Comment by PaulDavisThe1st
5 years ago
line-oriented data formats vs everything else. Why ? Because of "patching theory". If you don't understand the the data describes objects and doesn't have line-by-line semantics, it is hard to get merges correct.
Version control works wonders with line-oriented stuff, which covers more or less every programming language in existence.
It doesn't do so well with non-line-oriented structured formats such as XML (not sure how JSON or TOML) fits in here).
Given that collaborative editing typically works with non-line-oriented data formats, you can see the issue, I think.
That's what I refer to as "grammar-aware diffing" in the sibling comment, and it's one of the low-hanging fruits here.
Even git allows for pluggable diffing, and doesn't force line orientation. What's missing is the concept of moving something, as distinct from deleting lines/chunks and then inserting lines/chunks which just happen to be the same.
This is not a problem which CRDTs have, to put it mildly. I believe pijul understands it as well. A lot of this stuff is right out on the cutting edge, and as it matures it will become practical to connect the edges, such as a CRDT which collaborates with a parser to produce grammar-aware patches which are automagically fed to pijul or something like it.
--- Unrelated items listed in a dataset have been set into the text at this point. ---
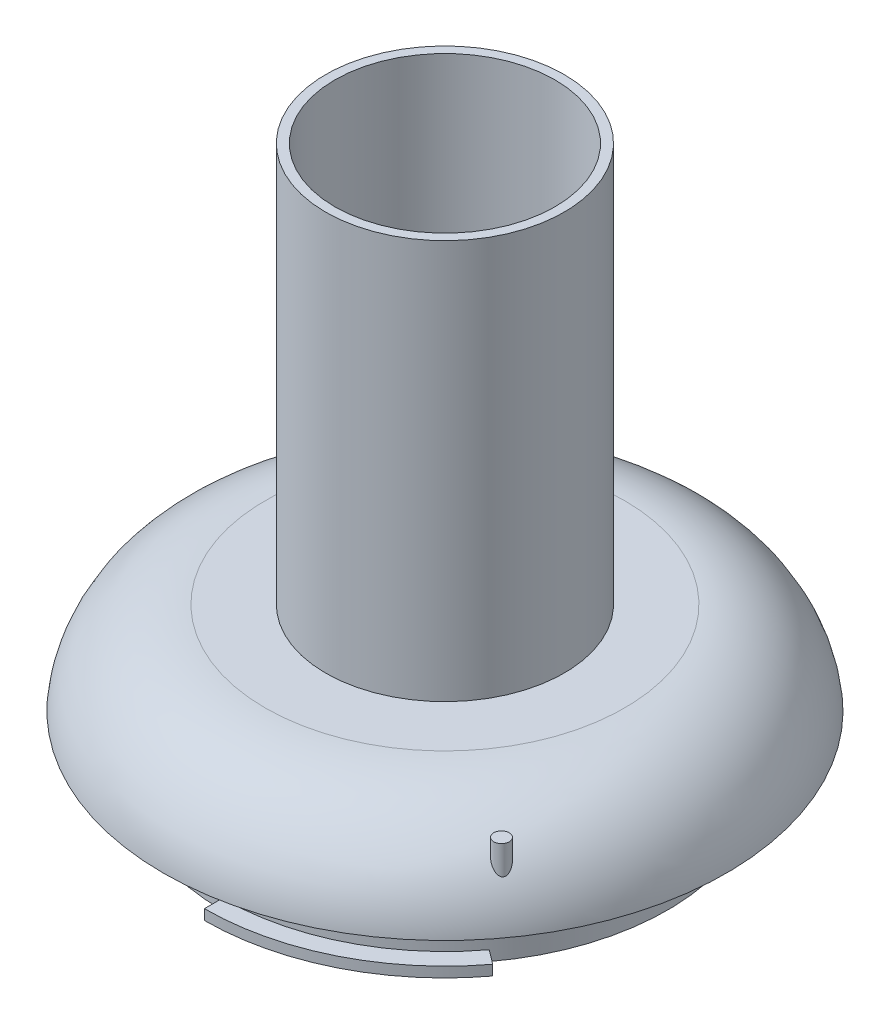
SolidWorks part; units mm, degrees
ref_plane "Front Plane" through (0, 0, 0) normal (0, 0, 1) x (1, 0, 0)
ref_plane "Top Plane" through (0, 0, 0) normal (0, 1, 0) x (1, 0, 0)
ref_plane "Right Plane" through (0, 0, 0) normal (1, 0, 0) x (0, 0, -1)
sketch "Sketch1" plane through (0, 0, 0) normal (0, 1, 0) x (1, 0, 0)
  circle A0 centre (0, 0) radius 21.75
  circle A1 centre (0, 0) radius 20
  dimension "D1" = 43.5
  dimension "D2" = 40
extrude "Boss-Extrude1" add sketch "Sketch1" along normal blind 5
sketch "Sketch2" plane through (0, 5, 0) normal (0, 1, 0) x (1, 0, 0)
  circle A0 centre (0, 0) radius 20
  circle A1 centre (0, 0) radius 23.5
  dimension "D1" = 47
extrude "Boss-Extrude2" add sketch "Sketch2" along normal blind 1
sketch "Sketch3" plane through (0, 6, 0) normal (0, 1, 0) x (1, 0, 0)
  circle A0 centre (0, 0) radius 20
  circle A1 centre (0, 0) radius 27.5
  dimension "D1" = 55
extrude "Boss-Extrude3" add sketch "Sketch3" along normal blind 8
sketch "Sketch4" plane through (0, 14, 0) normal (0, 1, 0) x (1, 0, 0)
  circle A0 centre (0, 0) radius 11.65
  circle A1 centre (0, 0) radius 10.75
  dimension "D1" = 23.3
  dimension "D2" = 21.5
extrude "Boss-Extrude4" add sketch "Sketch4" along normal blind 40 separate body
sketch "Sketch5" plane through (0, 14, 0) normal (0, 1, 0) x (1, 0, 0)
  circle A0 centre (0, 0) radius 11.65
  circle A1 centre (0, 0) radius 27.5
extrude "Boss-Extrude5" add sketch "Sketch5" along normal blind 1
sketch "Sketch6" plane through (0, 0, 0) normal (0, 0, 1) x (1, 0, 0)
  line L0 (10.75, 14) -> (20, 0)
  line L1 (-10.75, 14) -> (10.75, 14) construction
  line L2 (-20, 14) -> (20, 14) construction
  line L3 (-21.75, 0) -> (21.75, 0) construction
  line L4 (-20, 0) -> (20, 0) construction
  line L5 (20, 0) -> (20, 14)
  line L6 (20, 14) -> (10.75, 14)
  line L7 (0, 0) -> (0, 22.3381) construction
revolve "Revolve1" add sketch "Sketch6" angle 360 about L7
sketch "Sketch7" plane through (0, 0, 0) normal (0, -1, 0) x (1, 0, 0)
  line L0 (0, 21.75) -> (0, 23.5)
  line L1 (17.3882, 13.0658) -> (18.7872, 14.117)
  arc A0 (18.7872, 14.117) -> (0, 23.5) centre (0, 0) ccw
  arc A1 (17.3882, 13.0658) -> (0, 21.75) centre (0, 0) ccw
  dimension "D1" = 47
  dimension "D2" = 21
extrude "Boss-Extrude6" add sketch "Sketch7" against normal blind 1 contours A1 L0 A0 L1
pattern_circular "CirPattern1" count 3 over 360 about axis through (0, 6, 0) along (0, 1, 0) of "Boss-Extrude6", "Boss-Extrude1"
fillet "Fillet1" radius 10 1 edges at (0, 15, 27.5)
sketch "Sketch8" plane through (0, 6, 0) normal (0, -1, 0) x (1, 0, 0)
  circle A0 centre (20.4704, 14.9465) radius 0.7611
extrude "Boss-Extrude7" add sketch "Sketch8" against normal blind 7
chamfer "Chamfer2" distance 1 angle 68 1 edges at (0, 6, 23.5) first distance on face at (0, 6, 23.5)

This comes with a host of problems, mostly that we're not used to dealing with a history which has this level of granularity, most of which we don't want to see, most of the time. But they would be nice problems to have.
Some of "We" depend on sub-line diff highlighting during code reviews in order to reason about refactors and adding/removing arguments from function signatures.
That this is generally a feature of the diff tool and not the version control is a bit disappointing.